Internet Gambling Prohibition and Enforcement Act, passed by the House of Representatives in July 2006 is aimed at making online gambling transactions more difficult. It prohibits gambling companies from knowingly accepting money from US clients. Only approved in the Senate, this bill will become law.
Also in July 2006, David Carruthers, the CEO of BetonSports, a company publicly traded on the London Stock Exchange was detained in Texas on his way from London to Costa Rica. Previously he and ten other individuals had already been charged in a sealed indictment with violations of US Federal laws relating to illegal gambling. In spite of a United States Appeals court statement that the Wire Act does not apply to non-sports betting, the Supreme Court of the United States previously refused the hear an appeal of the conviction of Jay Cohen, where lower courts held that the Wire Act does make it illegal to own a sports betting operation offering such betting to US citizens.
The BetOnSports indictment alleged violations of at least 9 different Federal statutes, including 18 USC Sec. 1953 (Operation of an Illegal Gambling Business). Carruthers is currently under house arrest on a one million dollar bail bond .
On September 7, 2006 Peter Dicks, SportingBet PLC chairman, while traveling in the United States on business unrelated to online gaming was detained in New York City on a Louisiana warrant. Louisiana is one of the few states that has a specific law prohibiting gambling online.

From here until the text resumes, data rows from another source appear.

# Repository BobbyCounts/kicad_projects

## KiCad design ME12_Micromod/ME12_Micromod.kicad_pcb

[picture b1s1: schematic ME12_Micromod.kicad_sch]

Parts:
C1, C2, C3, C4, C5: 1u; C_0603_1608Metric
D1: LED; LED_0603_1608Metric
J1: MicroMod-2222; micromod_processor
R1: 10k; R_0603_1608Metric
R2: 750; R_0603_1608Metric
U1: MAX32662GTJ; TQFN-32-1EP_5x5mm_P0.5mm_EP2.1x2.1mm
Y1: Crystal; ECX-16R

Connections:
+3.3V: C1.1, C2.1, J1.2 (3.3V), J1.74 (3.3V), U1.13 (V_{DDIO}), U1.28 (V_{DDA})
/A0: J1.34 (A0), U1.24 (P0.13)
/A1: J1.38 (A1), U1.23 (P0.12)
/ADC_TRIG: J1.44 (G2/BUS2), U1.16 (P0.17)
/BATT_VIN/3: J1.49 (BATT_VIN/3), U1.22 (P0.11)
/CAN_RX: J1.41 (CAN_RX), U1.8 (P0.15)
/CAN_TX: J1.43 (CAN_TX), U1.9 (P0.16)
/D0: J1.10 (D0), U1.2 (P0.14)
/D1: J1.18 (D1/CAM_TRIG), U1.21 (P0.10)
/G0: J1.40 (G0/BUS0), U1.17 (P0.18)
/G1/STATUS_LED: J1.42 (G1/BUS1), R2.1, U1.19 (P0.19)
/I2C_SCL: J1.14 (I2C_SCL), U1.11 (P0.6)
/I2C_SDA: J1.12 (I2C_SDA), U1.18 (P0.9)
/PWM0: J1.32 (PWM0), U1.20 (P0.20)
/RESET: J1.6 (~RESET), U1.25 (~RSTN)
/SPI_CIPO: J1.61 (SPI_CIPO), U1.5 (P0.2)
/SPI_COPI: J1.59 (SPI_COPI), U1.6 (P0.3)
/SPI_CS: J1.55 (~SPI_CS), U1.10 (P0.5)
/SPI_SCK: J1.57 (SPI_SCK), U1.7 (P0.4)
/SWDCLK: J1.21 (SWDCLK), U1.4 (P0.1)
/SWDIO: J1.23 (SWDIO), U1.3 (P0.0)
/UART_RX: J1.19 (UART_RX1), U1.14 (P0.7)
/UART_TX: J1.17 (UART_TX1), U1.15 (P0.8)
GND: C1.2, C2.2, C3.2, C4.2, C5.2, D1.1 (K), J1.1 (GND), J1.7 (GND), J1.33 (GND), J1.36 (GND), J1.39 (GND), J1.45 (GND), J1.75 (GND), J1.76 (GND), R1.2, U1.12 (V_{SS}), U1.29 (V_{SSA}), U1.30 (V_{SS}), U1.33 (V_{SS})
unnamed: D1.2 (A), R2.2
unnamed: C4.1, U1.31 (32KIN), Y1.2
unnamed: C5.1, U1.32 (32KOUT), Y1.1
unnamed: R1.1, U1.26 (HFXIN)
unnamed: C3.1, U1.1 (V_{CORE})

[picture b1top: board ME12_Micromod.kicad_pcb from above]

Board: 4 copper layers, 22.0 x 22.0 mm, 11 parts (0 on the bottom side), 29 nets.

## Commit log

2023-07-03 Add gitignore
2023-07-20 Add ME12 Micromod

Various forms of online gambling are legal and regulated in many countries, including most members of the European Union and several nations in and around the Caribbean Sea .
The government of the island nation of Antigua and Barbuda , which licenses Internet gambling entities, made a complaint to the World Trade Organization about the U.S. government’s actions to impede online gaming. The Caribbean country won the preliminary ruling but WTO’s appeals body somewhat narrowed that favorable ruling in April, 2005. The appeals decision held that various state laws argued by Antigua to be contrary to WTO agreements were not sufficiently discussed during the course of the proceedings to be properly assessed by the panel. However, the appeals panel also ruled that the Wire Act and two other federal statutes prohibiting the provision of gambling services from Antigua to the United States violated the WTO’s General Agreement on Trade in Services, or "GATS".
Although the United States convinced the appeals panel that these laws were "necessary" to protect public health and morals, the asserted United States defence on these grounds was ultimately rejected because its laws relating to remote gambling on horse-racing were not applied equally to foreign and domestic online betting companies, and thus the United States could not establish that its laws were non-discriminatory. Although the Dispute Settlement Body of the WTO recommended that the United States bring the three federal laws into compliance with the GATS, as of the fall of 2006 the United States and Antigua disagreed on the status of the United States’ compliance. The dispute has recently been referred back to a WTO panel to assess the status of compliance.